Sunday, January 21, 2018
$tf.cond$ is used to define if-statement in tensorflow operation graph. It has the following signature:

cond(
    pred,
    true\_fn=None,
    false\_fn=None)
An important point that needs to be noted is that $tf.cond$ evaluates both $true\_fn$ and $false\_fn$ first and then depend on $pred$ it returns one of them. This is also mentioned on Tensorflow API doc but it is not clear at first read. For example in following piece of code the value of z is 6 (summation of x and y) although we x > 1 is False.
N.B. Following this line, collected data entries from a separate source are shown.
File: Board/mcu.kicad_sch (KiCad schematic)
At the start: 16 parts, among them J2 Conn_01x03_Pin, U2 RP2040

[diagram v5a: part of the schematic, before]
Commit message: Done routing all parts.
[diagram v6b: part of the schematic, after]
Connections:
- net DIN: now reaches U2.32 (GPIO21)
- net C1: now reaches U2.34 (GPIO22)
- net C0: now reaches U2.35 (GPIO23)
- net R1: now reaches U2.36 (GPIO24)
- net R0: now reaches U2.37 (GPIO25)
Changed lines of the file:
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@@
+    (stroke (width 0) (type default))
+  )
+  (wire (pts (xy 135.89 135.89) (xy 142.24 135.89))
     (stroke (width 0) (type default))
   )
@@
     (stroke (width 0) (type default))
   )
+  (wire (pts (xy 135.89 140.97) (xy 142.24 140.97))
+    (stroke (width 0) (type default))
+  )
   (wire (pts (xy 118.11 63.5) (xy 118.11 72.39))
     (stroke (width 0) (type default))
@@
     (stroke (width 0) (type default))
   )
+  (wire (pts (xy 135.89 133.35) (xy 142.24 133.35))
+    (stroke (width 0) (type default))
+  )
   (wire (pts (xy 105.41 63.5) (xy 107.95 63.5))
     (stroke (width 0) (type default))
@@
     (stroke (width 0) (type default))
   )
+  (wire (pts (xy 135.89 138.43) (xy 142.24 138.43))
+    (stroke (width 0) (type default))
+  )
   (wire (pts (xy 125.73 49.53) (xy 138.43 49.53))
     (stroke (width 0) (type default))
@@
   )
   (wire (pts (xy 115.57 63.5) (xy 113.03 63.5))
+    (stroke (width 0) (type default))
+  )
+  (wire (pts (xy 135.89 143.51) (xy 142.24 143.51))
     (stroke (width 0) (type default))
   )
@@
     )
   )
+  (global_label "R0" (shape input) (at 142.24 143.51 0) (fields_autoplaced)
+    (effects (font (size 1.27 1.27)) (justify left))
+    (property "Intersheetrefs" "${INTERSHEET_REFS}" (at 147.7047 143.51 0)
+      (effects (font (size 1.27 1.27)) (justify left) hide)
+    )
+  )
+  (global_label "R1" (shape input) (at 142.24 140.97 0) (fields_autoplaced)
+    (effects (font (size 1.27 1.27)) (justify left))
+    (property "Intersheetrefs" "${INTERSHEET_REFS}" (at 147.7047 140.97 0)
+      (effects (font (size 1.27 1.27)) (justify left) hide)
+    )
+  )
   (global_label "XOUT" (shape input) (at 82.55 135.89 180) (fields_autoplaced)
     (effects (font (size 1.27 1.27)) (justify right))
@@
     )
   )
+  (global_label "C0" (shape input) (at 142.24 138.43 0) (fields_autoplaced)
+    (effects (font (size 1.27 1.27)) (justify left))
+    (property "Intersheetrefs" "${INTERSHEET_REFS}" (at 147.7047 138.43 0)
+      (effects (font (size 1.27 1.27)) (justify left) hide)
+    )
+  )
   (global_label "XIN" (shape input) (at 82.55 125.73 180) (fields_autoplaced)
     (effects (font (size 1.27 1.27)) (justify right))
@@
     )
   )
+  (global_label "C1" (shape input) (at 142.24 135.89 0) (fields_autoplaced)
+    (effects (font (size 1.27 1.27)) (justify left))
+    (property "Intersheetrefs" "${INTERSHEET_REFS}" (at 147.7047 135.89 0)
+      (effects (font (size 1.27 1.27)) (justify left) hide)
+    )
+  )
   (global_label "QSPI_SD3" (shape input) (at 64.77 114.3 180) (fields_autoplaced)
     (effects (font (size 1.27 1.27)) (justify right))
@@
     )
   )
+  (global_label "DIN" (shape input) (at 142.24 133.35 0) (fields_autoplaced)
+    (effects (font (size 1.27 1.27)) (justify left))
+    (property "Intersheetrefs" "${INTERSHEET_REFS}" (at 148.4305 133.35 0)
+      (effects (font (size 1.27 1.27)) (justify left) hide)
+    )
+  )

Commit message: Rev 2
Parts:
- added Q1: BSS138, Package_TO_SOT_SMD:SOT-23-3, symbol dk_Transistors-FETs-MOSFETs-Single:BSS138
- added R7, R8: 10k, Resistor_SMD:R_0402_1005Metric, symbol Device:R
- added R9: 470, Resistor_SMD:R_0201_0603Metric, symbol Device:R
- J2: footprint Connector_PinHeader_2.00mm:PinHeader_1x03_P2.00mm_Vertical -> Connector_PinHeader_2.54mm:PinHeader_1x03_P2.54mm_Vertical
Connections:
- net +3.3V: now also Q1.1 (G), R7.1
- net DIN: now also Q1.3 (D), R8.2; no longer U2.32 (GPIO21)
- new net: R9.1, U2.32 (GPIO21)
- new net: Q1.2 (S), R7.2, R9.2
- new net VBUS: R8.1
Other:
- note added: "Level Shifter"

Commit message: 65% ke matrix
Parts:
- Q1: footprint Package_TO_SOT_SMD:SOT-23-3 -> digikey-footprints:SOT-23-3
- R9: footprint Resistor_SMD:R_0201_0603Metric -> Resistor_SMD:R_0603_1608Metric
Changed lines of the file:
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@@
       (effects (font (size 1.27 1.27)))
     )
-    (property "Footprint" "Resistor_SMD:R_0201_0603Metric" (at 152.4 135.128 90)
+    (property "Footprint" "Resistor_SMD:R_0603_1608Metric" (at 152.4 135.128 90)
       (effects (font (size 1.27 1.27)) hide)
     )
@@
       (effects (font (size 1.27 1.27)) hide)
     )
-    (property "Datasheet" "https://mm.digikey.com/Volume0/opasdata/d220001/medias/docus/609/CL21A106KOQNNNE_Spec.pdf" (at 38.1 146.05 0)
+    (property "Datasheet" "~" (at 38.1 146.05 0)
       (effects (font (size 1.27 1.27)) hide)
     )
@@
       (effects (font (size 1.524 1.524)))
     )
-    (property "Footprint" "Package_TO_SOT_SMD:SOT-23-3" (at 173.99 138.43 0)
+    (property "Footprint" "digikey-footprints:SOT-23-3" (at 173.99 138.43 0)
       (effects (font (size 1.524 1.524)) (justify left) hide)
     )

But since both operation is evaluation, $z=tf.add(x,y)$ is also calculated and set the result of z to 6.

import tensorflow as tf
x = tf.constant(1)
y = tf.constant(5)
z = tf.get_variable('z', shape=[1])
z = tf.add(x, y)
res = tf.cond(x > 1, lambda: tf.multiply(x, z), lambda: y)
sess = tf.Session()
sess.run(tf.global_variables_initializer())
print sess.run([res, z])
\[ ------ output: [5, 6] ------ \] If one wants to only execute one of the branches based on a condition, the branch needs to be defined inside the $pred$. It is described in detail in this stackoverflow post.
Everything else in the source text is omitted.